Bayes Theorem rearranges p(Obs|Spam) = p(Obs & Spam) / p(Spam) = p(Obs) p(Spam|Obs) / p(Spam) to give you P(Spam|Obs) = p(Spam) p(Obs|Spam)/p(Obs) and you seem to have calculated p(Spam) p(Obs|Spam) = p(Obs & Spam) but not divided by p(Obs). Since there are only two possibilities, Ham and Spam, the easiest thing to do is probably to note that p(Obs) = p(Obs & Spam) + p(Obs & Ham) and so just divide each of your two calculated values by their sum, essentially scaling the values so that they do indeed sum to 1.0.

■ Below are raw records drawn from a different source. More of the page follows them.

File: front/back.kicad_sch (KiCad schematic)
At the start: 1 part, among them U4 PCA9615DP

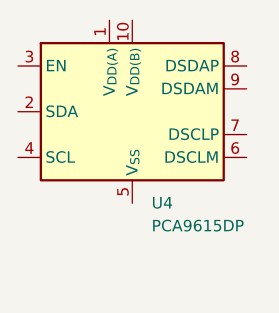
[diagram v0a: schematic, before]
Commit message: add some traces
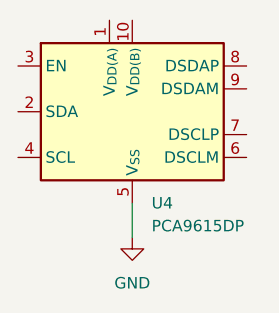
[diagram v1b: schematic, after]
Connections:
- net GND: now reaches U4.5 (V_{SS})
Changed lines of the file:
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@@
 	(generator_version "9.0")
 	(paper "A4")
+	(wire
+		(pts
+			(xy 142.24 83.82) (xy 142.24 87.63)
+		)
+		(stroke
+			(width 0)
+			(type default)
+		)
+	)
 	(symbol
 		(lib_id "Interface:PCA9615DP")
@@
 					(unit 1)
 				)
+			)
+		)
+	)
+	(symbol
+		(lib_id "power:GND")
+		(at 142.24 87.63 0)
+		(unit 1)
+		(exclude_from_sim no)
+		(in_bom yes)
+		(on_board yes)
+		(dnp no)
+		(fields_autoplaced yes)
+		(property "Reference" "#PWR04"
+			(at 142.24 93.98 0)
+			(effects
+				(font
+					(size 1.27 1.27)
+				)
+				(hide yes)
+			)
+		)
+		(property "Value" "GND"
+			(at 142.24 92.71 0)
+			(effects
+				(font
+					(size 1.27 1.27)
+				)
+			)
+		)
+		(property "Footprint" ""
+			(at 142.24 87.63 0)
+			(effects
+				(font
+					(size 1.27 1.27)
+				)
+				(hide yes)
+			)
+		)
+		(property "Datasheet" ""
+			(at 142.24 87.63 0)
+			(effects
+				(font
+					(size 1.27 1.27)
+				)
+				(hide yes)
+			)
+		)
+		(property "Description" "Power symbol creates a global label with name \"GND\" , ground"
+			(at 142.24 87.63 0)
+			(effects
+				(font
+					(size 1.27 1.27)
+				)
+				(hide yes)
+			)
+		)
+		(pin "1"
+		)
+		(instances
+			(project ""
+				(path "/508f986b-6f1b-4c39-bd57-bae69573a4e7/7930c339-f26f-415c-a8d1-ea724abb9afc"
+					(reference "#PWR04")
+					(unit 1)
+				)

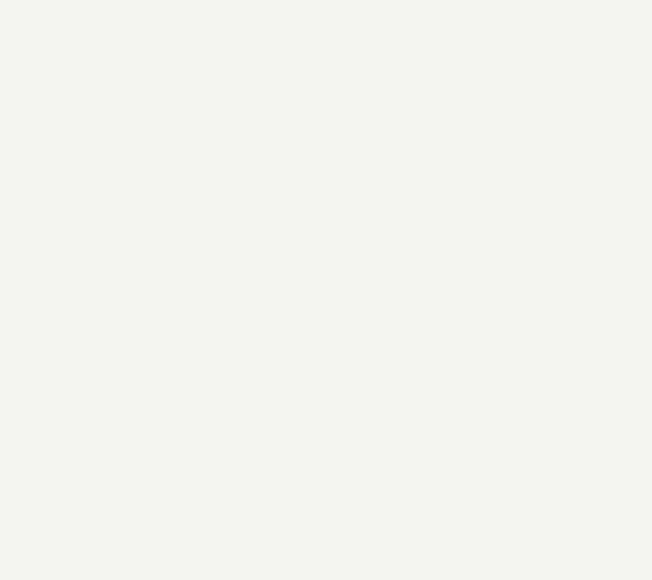
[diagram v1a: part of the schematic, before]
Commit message: undo panelizing
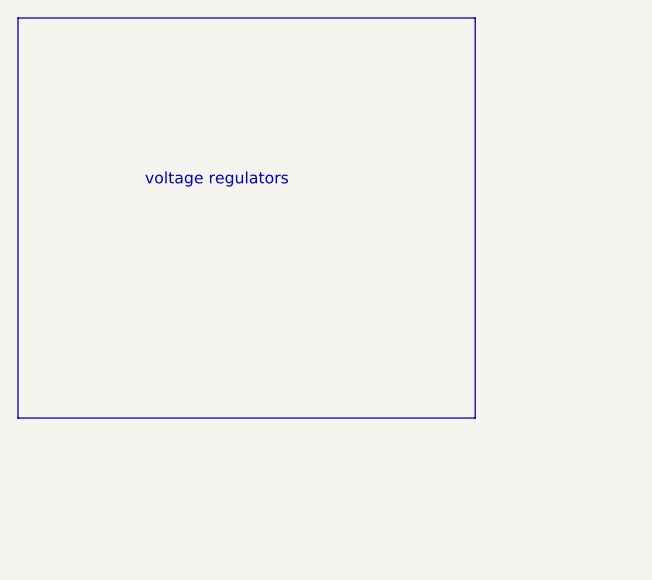
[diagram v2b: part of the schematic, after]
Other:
- note added: "voltage regulators"
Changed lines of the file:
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@@
 	(generator_version "9.0")
 	(paper "A4")
+	(rectangle
+		(start 43.18 31.75)
+		(end 93.98 76.2)
+		(stroke
+			(width 0)
+			(type default)
+		)
+		(fill
+			(type none)
+		)
+	)
+	(text "voltage regulators\n"
+		(exclude_from_sim no)
+		(at 65.278 49.784 0)
+		(effects
+			(font
+				(size 1.27 1.27)
+			)
+		)
+	)
 	(wire
 		(pts

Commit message: begin layout
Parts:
- added C10, C6, C7: 100n, Capacitor_SMD:C_0603_1608Metric, symbol Device:C
- added C11: 1u, Capacitor_SMD:C_0603_1608Metric, symbol Device:C
- added C12: 10n, Capacitor_SMD:C_0402_1005Metric, symbol Device:C
- added C13: 4.7u, Capacitor_SMD:C_0603_1608Metric, symbol Device:C
- added C14, C9: 22u, Capacitor_SMD:C_0805_2012Metric, symbol Device:C
- added C8: 10u, Capacitor_SMD:C_0805_2012Metric, symbol Device:C
- added J6: Conn_01x06_Pin, Connector_PinHeader_2.54mm:PinHeader_1x06_P2.54mm_Horizontal, symbol Connector:Conn_01x06_Pin
- added L1: 2.2u, Inductor_SMD:L_Vishay_IHLP-3232, symbol Device:L
- added L2: 1u, Library:INDC2520X120N, symbol New_Library:DFE252012F-1R0M=P2
- added NT3: NetTie_3, Jumper:SolderJumper-3_P1.3mm_Bridged12_RoundedPad1.0x1.5mm, symbol Device:NetTie_3
- added R10: 200k, Resistor_SMD:R_0603_1608Metric, symbol Device:R
- added R11: 100k, Resistor_SMD:R_0603_1608Metric, symbol Device:R
- added R8: 61.9k, Resistor_SMD:R_0603_1608Metric, symbol Device:R
- added R9: 249k, Resistor_SMD:R_0603_1608Metric, symbol Device:R
- added U1: LSM6DSO32TR, Library:XDCR_LSM6DSO32TR, symbol New_Library:LSM6DSO32TR
- added U5: TPS62902RPJR, Library:IC_TPS62902RPJR, symbol New_Library:TPS62902RPJR
- added U6: TLV62568ADRL, Package_TO_SOT_SMD:SOT-563, symbol Regulator_Switching:TLV62568ADRL
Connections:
- net GND: now also C10.2, C11.2, C12.2, C13.2, C14.2, C6.2, C7.2, C8.2, C9.2, J6.3 (Pin_3), J6.4 (Pin_4), NT3.1, R11.2, R8.2, R9.2, U1.2 (SDX), U1.3 (SCX), U1.6 (GND), U1.7 (GND__1), U5.1 (PG), U5.4 (GND), U6.2 (GND)
- net 3.3v: now reaches U4.1 (V_{DD(A)})
- net 3.3v: now also U4.10 (V_{DD(B)}), C10.1, C11.1, C13.1, C6.1, C7.1, C9.1, J6.2 (Pin_2), L1.2, U1.12 (CS), U1.5 (VDDIO), U1.8 (VDD), U5.3 (VOS), U6.3 (VIN), U6.5 (EN)
- net sdimu: now reaches U4.2 (SDA)
- net sdimu: now also J6.6 (Pin_6), U1.14 (SDA)
- net scimu: now reaches U4.4 (SCL)
- net scimu: now also J6.5 (Pin_5), U1.13 (SCL)
- new net: L2.1, U6.4 (SW)
- new net: L1.1, U5.2 (SW)
- new net: R10.2, R11.1, U6.1 (FB)
- new net: C12.1, U5.7 (MODE/S-CONF)
- new net: R8.1, U5.8 (SS/TR)
- new net: R9.1, U5.9 (FB/VSET)
- new net: NT3.2, U1.1 (SDO/SA0)
- new net 1.8v: C14.1, J6.1 (Pin_1), L2.2, NT3.3, R10.1
- new net bat+: C8.1, U5.5 (EN), U5.6 (VIN)
- no-connect marks 0 -> 3
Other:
- note removed: "voltage regulators"
- moved on the sheet: U4

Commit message: push changes
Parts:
- added J7: Conn_01x08_Pin, Library:JST_XH_B8B-XH-AM_1x08_P2.50mm_Vertical, symbol Connector:Conn_01x08_Pin
- C10: value 100n -> 1u
- C11: value 1u -> 100n
- C12: footprint Capacitor_SMD:C_0402_1005Metric -> Capacitor_SMD:C_0603_1608Metric; Mfr PN (none) -> GRM1857U1A103JA44D
- C8: Mfr PN (none) -> MSAST21GBB5106MTNA01
- L1: footprint Inductor_SMD:L_Vishay_IHLP-3232 -> Library:WE-XHMI_4020; Mfr (none) -> Würth Elektronik; Mfr PN IHLP3232DZER2R2M11 -> 74439323022; Supplier (none) -> digikey.com; Supplier PN (none) -> 732-74439323022CT-ND
- R8: Mfr PN (none) -> CRCW060361K9FKEA
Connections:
- net 3.3v: now also J6.4 (Pin_4); no longer J6.2 (Pin_2)
- net GND: now also J6.5 (Pin_5), J6.6 (Pin_6), J7.5 (Pin_5), J7.6 (Pin_6); no longer J6.3 (Pin_3), J6.4 (Pin_4)
- net bat+: now also J7.7 (Pin_7), J7.8 (Pin_8)
- net scimu: now also J6.2 (Pin_2); no longer J6.5 (Pin_5)
- net sdimu: now also J6.3 (Pin_3); no longer J6.6 (Pin_6)
- net at U4.6 (DSCLM): now also J7.4 (Pin_4)
- net at U4.7 (DSCLP): now also J7.3 (Pin_3)
- net at U4.8 (DSDAP): now also J7.2 (Pin_2)
- net at U4.9 (DSDAM): now also J7.1 (Pin_1)
- net at U5.7 (MODE/S-CONF): now also R8.1; no longer C12.1
- net at U5.8 (SS/TR): now also C12.1; no longer R8.1
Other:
- note added: "https://webench.ti.com/appinfo/webench/scripts/SDP.cgi?ID=64526E0ADC16EFE7"
- moved on the sheet: C10, C11, C13

This scaling is trickier if you start off with log probabilities lA and lB. To scale these I would first of all bring them into range by scaling them both by a rough value as logarithms, so doing a subtraction
lA = lA - max(lA, lB)
lB = lB - max(lA, lB)
Now at least the larger of the two won't overflow. The smaller still might, but I'd rather deal with underflow than overflow. Now turn them into not quite scaled probabilities:
pA = exp(lA)
pB = exp(lB)
and scale properly so they add to zero
truePA = pA / (pA + pB)
truePB = pB / (pA + pB)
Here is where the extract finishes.